# Base dried out over the summer. Did I damage it?



## Mystery2many (Aug 14, 2013)

Its visibly dry? Like a white dry crust on it? 

Take your finger nail and scrape it. Did that crust go beneith you finger nail?

That is last years wax.


----------



## killclimbz (Aug 10, 2007)

Just clean it off if necessary, wax it, and go.


----------



## ACairngormFace (Oct 6, 2013)

It'll probably be fine, just make sure you wax it before you get back out on the slopes.


----------



## snowklinger (Aug 30, 2011)

burn it in sacrifice to the snow gods.


----------



## Lamps (Sep 3, 2011)

hoqay said:


> Being the idiot that I am, I forgot to put a layer of wax on my board before putting it into storage for the summer. I just took it out now, and the base is very visibly dry.
> 
> Just wondering if I've done any damage to it, or should it be fine as long as I haven't ridden it dry?
> 
> Thanks!


There's a whole slew of arguments about whether a base can even dry out. Just re wax it and you're good to go.


----------



## jdang307 (Feb 6, 2011)

It's plastic. I'm no chemist but How can it dry? $5 says it's just wax that dried up.


----------



## tanscrazydaisy (Mar 11, 2013)

Brush out base

clean base (preferably hot wax scrape).

Apply a conditioning wax coat. from cheapo warm temp wax to even specially made products for base conditioning such as Swix Base Prep or Dominator Renew

Then apply your choice of wax.


----------



## Oldman (Mar 7, 2012)

The base of a board is made of an inert material.

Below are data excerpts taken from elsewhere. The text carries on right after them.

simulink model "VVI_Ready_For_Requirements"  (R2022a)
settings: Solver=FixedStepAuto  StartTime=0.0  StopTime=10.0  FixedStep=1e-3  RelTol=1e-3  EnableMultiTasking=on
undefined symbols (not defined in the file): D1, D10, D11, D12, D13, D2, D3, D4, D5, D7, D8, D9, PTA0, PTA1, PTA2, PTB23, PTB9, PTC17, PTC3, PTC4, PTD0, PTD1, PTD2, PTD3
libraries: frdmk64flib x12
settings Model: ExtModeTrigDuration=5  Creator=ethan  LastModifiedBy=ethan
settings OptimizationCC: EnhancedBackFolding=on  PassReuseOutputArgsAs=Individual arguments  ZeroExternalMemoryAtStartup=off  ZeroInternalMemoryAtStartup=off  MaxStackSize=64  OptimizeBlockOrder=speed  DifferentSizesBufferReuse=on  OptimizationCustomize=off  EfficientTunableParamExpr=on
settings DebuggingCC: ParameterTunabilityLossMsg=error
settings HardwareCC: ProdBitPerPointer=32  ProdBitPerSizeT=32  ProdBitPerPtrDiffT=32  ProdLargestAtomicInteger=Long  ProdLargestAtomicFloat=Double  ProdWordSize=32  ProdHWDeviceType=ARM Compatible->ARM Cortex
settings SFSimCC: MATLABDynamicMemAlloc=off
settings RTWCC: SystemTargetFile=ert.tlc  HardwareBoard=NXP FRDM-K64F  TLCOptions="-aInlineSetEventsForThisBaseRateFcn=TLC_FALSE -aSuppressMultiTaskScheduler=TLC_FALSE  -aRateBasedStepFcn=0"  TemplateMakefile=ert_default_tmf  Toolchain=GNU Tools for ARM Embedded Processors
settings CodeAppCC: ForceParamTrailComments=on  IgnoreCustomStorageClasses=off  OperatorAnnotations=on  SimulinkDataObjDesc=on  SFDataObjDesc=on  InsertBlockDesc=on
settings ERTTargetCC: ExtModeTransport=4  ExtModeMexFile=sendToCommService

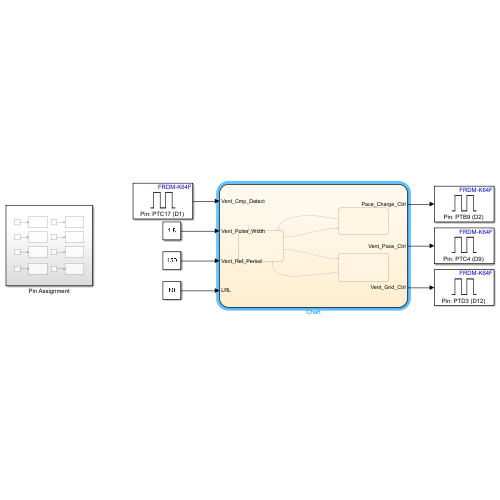
[thumbnail: Simulink's stored preview of the top-level diagram]
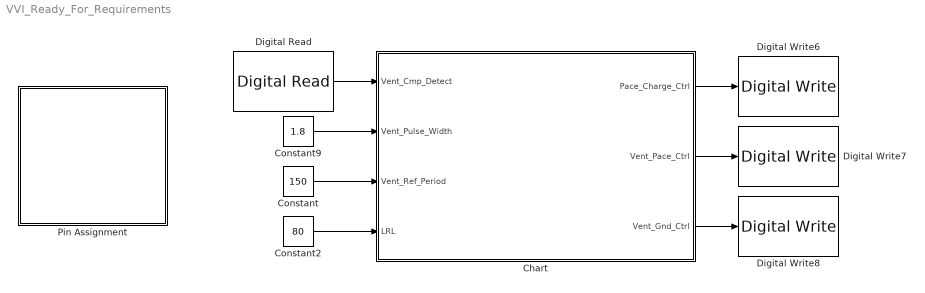
== system VVI_Ready_For_Requirements ==
  Chart : Stateflow chart  TreatAsAtomicUnit=on
  Constant : Constant  Value=150  OutDataTypeStr=int16
  Constant2 : Constant  Value=80
  Constant9 : Constant  Value=1.8
  Digital Read : frdmk64flib/Digital Read  Whichpin=PTC17 (D1)  SampleTime=-1
  Digital Write6 : frdmk64flib/Digital Write  Whichpin=PTB9 (D2)
  Digital Write7 : frdmk64flib/Digital Write  Whichpin=PTC4 (D9)
  Digital Write8 : frdmk64flib/Digital Write  Whichpin=PTD3 (D12)
  Pin Assignment : Subsystem
  wires:
  Chart/3(Vent_Gnd_Ctrl) -> Digital Write8/1
  Chart/2(Vent_Pace_Ctrl) -> Digital Write7/1
  Constant2/1 -> Chart/4(LRL)
  Constant9/1 -> Chart/2(Vent_Pulse_Width)
  Chart/1(Pace_Charge_Ctrl) -> Digital Write6/1
  Digital Read/1 -> Chart/1(Vent_Cmp_Detect)
  Constant/1 -> Chart/3(Vent_Ref_Period)

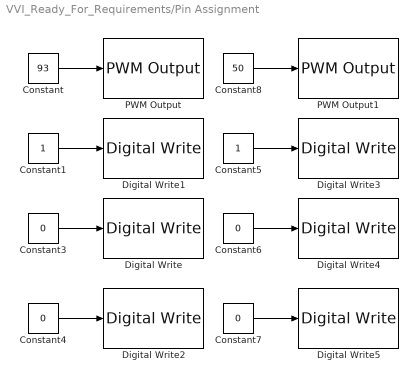
== system VVI_Ready_For_Requirements/Pin Assignment ==
  Constant : Constant  Value=93  OutDataTypeStr=int8
  Constant1 : Constant
  Constant{3..4,6..7} (4 alike) : Constant  Value=0
  Constant5 : Constant
  Constant8 : Constant  Value=50  OutDataTypeStr=int8
  Digital Write : frdmk64flib/Digital Write  Whichpin=PTB23 (D4)
  Digital Write1 : frdmk64flib/Digital Write  Whichpin=PTD1 (D13)
  Digital Write2 : frdmk64flib/Digital Write  Whichpin=PTC3 (D7)
  Digital Write3 : frdmk64flib/Digital Write  Whichpin=PTD0 (D10)
  Digital Write4 : frdmk64flib/Digital Write  Whichpin=PTD2 (D11)
  Digital Write5 : frdmk64flib/Digital Write  Whichpin=PTA0 (D8)
  PWM Output : frdmk64flib/PWM Output  Whichpin=PTA1 (D3)  InitialFrequency=2000  InitialDutyCycle=0
  PWM Output1 : frdmk64flib/PWM Output  Whichpin=PTA2 (D5)  InitialFrequency=2000  InitialDutyCycle=0
  wires:
  Constant1/1 -> Digital Write1/1
  Constant5/1 -> Digital Write3/1
  Constant7/1 -> Digital Write5/1
  Constant4/1 -> Digital Write2/1
  Constant/1 -> PWM Output/1
  Constant8/1 -> PWM Output1/1
  Constant3/1 -> Digital Write/1
  Constant6/1 -> Digital Write4/1

== stateflow chart VVI_Ready_For_Requirements/Chart ==
  state Inhibit
    entry:
    Vent_Pace_Ctrl = false;
    Vent_Gnd_Ctrl = true;
    Pace_Charge_Ctrl = true;
  state Signal_Search
    entry:
    Vent_Pace_Ctrl = false;
    Vent_Gnd_Ctrl = true;
    Pace_Charge_Ctrl = true;
  state Pace
    entry:
    Pace_Charge_Ctrl = false;
    Vent_Pace_Ctrl = true;
    Vent_Gnd_Ctrl = false;
  Inhibit -> Signal_Search : after(Vent_Ref_Period,msec)
  (default) -> Signal_Search
  Signal_Search -> Inhibit [order 2] : [Vent_Cmp_Detect == true]
  Signal_Search -> Pace [order 1] : [after(((60000/LRL)-Vent_Pulse_Width),msec)]
  Pace -> Signal_Search : after(Vent_Pulse_Width,msec)
  data: Vent_Cmp_Detect input boolean; Vent_Pulse_Width input; Vent_Ref_Period input; Pace_Charge_Ctrl output; Vent_Pace_Ctrl output; Vent_Gnd_Ctrl output; LRL input

It changed not one iota over the course of the summer.

Toss is on the bench, give it a coat of your finest, scrape, ride, shred, enjoy!!!


----------



## EatMyTracers (Sep 26, 2012)

The only thing that gets dry is the wax, the base will be perfectly fine. Think about it this way, if you were to go buy a 2013 board today do you think the shop waxed it every few months to make sure the base didn't get damaged.


----------



## poutanen (Dec 22, 2011)

jdang307 said:


> It's plastic. I'm no chemist but How can it dry? $5 says it's just wax that dried up.


Exactly! It wasn't "wet" in the first place, so it can't "dry". If you're worried, base clean and re-wax. I never wax my boards before the summer, just a quick rewax in the fall and they're good to go.


----------



## hoqay (Jan 22, 2013)

snowklinger said:


> burn it in sacrifice to the snow gods.


Done.

EDIT: Shit, I should have read the rest of the comments first. :laugh:

Thanks for the info everyone! I was clearly overreacting.


----------